Dataset records -

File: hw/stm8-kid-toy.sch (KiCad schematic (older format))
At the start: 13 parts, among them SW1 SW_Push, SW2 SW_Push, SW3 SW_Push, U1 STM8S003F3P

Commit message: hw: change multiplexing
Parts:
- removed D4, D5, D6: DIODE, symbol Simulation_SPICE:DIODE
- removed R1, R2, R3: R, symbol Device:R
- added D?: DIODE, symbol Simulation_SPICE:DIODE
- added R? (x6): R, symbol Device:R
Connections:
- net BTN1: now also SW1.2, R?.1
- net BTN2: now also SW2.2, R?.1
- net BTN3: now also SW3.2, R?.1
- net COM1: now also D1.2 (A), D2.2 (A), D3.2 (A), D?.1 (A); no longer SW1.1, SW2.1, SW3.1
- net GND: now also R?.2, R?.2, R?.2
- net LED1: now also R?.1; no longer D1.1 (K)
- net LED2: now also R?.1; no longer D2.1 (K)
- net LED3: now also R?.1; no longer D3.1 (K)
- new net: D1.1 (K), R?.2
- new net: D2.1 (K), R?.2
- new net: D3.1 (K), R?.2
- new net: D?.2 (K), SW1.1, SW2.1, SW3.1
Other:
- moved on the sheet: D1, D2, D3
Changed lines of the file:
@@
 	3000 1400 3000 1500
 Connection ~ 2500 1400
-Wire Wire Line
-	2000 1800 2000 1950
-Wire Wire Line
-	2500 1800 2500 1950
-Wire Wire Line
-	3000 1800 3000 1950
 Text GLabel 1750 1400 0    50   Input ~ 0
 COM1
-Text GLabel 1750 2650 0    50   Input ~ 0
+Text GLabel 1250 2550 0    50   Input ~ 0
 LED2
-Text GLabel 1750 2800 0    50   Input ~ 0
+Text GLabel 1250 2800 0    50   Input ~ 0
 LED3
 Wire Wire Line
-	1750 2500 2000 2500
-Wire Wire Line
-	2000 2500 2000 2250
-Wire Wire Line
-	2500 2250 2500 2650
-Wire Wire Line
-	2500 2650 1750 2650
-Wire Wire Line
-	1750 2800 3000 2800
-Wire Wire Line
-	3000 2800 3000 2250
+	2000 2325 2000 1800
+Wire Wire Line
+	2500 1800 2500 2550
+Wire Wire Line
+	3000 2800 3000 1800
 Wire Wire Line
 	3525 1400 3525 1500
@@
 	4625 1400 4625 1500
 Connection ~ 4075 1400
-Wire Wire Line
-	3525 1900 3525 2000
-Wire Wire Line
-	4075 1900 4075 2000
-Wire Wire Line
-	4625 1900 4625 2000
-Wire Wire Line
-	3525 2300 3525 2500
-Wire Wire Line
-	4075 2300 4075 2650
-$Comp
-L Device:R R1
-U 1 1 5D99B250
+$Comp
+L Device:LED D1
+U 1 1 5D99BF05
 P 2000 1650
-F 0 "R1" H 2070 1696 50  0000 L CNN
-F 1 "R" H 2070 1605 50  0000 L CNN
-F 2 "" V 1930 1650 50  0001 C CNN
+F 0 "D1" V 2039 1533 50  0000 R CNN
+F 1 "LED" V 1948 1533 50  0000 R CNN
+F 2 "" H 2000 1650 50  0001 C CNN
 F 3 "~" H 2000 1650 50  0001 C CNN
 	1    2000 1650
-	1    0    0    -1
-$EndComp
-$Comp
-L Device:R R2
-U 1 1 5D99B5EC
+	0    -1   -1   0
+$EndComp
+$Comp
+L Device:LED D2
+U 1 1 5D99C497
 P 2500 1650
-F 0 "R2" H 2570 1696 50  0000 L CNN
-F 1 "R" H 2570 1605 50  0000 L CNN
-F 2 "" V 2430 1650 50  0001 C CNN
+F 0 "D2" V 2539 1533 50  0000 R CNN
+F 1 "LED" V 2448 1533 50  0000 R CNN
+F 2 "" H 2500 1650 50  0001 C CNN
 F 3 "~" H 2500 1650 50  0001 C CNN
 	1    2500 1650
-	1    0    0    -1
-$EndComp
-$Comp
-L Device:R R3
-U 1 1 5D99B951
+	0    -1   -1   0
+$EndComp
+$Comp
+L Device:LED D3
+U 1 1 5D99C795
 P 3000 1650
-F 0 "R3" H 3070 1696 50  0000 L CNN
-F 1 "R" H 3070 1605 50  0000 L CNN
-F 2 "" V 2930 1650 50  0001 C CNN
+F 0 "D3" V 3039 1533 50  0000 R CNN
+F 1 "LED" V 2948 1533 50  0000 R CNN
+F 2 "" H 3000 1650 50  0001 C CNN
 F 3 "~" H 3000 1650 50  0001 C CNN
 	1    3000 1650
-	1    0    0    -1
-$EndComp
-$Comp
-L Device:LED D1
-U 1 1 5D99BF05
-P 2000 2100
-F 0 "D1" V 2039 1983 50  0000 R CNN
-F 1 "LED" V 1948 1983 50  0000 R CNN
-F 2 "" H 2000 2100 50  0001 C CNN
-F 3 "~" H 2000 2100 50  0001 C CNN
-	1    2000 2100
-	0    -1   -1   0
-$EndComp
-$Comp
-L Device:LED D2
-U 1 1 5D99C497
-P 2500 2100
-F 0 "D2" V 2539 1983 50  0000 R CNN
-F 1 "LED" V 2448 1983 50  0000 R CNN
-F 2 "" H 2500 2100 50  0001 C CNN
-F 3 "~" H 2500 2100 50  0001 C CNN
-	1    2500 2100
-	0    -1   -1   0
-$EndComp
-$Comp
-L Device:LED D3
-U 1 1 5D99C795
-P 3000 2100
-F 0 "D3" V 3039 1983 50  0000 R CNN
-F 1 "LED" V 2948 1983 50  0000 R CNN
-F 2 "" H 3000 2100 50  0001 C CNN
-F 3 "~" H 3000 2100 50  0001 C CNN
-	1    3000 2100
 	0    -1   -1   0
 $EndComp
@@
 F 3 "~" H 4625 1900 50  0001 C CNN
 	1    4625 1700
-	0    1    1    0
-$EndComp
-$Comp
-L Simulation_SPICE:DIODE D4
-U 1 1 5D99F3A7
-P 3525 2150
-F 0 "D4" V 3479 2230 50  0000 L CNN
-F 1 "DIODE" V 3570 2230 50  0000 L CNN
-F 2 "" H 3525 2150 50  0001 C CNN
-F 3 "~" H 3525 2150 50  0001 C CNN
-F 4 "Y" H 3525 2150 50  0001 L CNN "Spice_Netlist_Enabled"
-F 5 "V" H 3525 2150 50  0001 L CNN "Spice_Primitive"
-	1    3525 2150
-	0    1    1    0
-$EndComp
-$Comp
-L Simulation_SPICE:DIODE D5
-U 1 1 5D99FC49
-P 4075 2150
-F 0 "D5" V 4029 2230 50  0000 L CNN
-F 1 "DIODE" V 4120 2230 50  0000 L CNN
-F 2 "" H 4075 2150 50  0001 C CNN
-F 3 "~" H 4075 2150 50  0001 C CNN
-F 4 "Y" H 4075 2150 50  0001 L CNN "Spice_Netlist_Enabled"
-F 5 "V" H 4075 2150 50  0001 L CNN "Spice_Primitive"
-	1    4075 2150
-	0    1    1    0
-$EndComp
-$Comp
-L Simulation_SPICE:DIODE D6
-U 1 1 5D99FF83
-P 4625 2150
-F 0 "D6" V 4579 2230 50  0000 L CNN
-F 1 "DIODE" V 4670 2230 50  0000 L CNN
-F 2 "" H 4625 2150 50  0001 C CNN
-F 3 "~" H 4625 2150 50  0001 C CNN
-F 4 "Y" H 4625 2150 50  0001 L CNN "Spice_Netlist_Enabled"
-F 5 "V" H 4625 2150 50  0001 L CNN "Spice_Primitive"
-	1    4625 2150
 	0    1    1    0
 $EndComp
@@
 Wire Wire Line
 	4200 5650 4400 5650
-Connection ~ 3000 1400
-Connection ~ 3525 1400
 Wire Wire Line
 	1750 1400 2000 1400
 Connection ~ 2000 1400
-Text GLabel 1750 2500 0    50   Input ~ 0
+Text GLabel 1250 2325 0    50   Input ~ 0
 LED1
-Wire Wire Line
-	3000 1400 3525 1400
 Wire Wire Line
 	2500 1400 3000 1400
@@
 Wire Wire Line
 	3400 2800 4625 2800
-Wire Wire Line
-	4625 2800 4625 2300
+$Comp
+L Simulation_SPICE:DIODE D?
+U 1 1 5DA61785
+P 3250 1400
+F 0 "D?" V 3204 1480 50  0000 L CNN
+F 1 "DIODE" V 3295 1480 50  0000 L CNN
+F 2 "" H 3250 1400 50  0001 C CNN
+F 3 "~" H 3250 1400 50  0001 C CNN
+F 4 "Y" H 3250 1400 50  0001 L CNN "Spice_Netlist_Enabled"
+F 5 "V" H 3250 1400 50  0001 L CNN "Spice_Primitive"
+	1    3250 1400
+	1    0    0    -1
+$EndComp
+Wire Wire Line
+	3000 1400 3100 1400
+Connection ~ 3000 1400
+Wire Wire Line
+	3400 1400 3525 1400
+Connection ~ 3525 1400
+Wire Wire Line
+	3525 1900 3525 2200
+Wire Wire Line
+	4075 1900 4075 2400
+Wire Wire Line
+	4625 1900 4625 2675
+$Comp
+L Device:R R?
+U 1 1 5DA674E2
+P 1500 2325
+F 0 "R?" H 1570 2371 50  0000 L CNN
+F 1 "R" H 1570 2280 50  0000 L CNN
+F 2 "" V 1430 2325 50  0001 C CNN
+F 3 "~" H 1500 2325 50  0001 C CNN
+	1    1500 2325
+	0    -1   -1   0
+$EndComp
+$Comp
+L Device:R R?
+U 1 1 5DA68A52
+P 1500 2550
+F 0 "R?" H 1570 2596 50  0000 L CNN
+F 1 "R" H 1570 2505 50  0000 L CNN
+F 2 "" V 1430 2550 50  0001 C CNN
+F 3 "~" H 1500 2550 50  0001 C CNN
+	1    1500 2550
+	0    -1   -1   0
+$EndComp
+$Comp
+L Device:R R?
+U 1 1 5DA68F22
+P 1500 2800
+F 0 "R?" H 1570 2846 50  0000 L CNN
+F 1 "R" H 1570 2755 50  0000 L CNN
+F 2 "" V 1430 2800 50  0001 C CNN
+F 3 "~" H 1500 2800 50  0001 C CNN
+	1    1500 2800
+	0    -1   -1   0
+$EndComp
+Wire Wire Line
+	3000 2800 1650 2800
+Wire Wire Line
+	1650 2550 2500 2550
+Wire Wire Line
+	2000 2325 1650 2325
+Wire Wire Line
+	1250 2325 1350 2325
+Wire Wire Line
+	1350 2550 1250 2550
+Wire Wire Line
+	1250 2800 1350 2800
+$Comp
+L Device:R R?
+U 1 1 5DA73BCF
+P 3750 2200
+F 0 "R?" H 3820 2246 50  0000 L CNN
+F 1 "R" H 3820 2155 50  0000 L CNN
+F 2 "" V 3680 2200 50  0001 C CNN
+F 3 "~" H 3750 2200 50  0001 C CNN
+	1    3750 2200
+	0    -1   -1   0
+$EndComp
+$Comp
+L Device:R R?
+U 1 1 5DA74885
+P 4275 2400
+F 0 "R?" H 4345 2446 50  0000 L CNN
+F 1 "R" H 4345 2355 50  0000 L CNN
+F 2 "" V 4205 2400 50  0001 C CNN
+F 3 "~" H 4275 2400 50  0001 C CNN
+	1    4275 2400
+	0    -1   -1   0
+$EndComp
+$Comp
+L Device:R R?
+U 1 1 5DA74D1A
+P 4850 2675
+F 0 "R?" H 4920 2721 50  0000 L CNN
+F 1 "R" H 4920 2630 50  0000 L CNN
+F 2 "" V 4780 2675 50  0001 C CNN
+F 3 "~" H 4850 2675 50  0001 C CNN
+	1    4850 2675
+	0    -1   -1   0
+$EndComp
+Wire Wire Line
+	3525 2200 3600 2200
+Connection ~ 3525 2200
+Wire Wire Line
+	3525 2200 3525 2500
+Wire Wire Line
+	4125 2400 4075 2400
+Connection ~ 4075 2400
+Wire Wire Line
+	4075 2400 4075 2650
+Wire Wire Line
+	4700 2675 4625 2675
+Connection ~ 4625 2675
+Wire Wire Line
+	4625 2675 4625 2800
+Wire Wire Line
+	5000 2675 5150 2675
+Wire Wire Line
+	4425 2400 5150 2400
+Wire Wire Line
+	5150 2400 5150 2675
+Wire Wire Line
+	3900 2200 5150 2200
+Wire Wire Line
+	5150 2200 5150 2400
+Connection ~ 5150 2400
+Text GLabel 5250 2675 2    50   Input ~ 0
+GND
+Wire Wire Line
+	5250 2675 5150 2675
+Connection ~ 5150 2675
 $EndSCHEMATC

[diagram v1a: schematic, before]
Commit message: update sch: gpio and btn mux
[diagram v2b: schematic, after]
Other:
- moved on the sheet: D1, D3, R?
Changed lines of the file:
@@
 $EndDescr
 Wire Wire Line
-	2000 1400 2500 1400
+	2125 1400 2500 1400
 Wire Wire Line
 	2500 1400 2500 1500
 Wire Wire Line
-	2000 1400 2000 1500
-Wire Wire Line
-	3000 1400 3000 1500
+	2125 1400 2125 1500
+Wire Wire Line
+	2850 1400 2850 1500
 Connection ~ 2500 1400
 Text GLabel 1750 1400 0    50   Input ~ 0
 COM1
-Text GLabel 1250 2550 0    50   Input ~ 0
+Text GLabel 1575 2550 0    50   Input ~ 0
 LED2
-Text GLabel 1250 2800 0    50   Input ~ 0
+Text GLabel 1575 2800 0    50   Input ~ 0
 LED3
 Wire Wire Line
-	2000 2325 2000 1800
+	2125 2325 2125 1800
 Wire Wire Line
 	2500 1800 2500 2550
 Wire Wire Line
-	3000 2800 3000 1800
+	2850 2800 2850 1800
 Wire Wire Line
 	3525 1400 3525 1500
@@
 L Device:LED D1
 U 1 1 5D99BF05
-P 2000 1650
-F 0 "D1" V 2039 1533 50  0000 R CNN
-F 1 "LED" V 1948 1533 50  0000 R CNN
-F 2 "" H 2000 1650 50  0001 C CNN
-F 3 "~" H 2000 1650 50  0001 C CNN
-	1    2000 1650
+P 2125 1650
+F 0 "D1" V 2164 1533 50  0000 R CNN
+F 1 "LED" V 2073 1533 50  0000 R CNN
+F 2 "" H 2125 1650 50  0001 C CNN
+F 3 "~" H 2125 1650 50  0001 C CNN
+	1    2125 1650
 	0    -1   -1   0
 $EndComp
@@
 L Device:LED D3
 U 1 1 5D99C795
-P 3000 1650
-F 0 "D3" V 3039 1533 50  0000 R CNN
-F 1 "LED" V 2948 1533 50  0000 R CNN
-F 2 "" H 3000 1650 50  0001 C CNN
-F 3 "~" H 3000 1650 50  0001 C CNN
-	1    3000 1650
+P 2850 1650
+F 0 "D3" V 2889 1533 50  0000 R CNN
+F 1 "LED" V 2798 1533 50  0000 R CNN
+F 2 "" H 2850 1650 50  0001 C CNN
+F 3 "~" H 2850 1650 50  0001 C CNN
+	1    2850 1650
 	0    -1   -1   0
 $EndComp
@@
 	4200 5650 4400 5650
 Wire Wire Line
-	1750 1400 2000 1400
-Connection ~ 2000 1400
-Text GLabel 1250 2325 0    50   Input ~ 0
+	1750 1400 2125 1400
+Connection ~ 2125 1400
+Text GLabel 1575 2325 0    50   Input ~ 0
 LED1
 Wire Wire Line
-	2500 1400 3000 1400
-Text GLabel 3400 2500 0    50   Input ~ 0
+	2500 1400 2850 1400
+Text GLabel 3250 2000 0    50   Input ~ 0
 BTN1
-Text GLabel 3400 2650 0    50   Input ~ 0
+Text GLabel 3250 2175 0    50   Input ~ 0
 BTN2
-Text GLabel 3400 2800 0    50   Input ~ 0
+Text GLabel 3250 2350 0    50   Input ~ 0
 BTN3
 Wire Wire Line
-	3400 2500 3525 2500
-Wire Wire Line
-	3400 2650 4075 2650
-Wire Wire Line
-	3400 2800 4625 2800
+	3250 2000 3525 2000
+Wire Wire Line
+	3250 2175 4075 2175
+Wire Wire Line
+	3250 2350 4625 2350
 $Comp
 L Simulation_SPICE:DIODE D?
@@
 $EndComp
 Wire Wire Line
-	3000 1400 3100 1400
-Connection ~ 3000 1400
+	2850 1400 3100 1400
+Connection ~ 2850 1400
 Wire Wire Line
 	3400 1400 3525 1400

Problem description - On how many lines of the data does the word "diagram" appear? Only the number is wanted.

Exercise answer - 2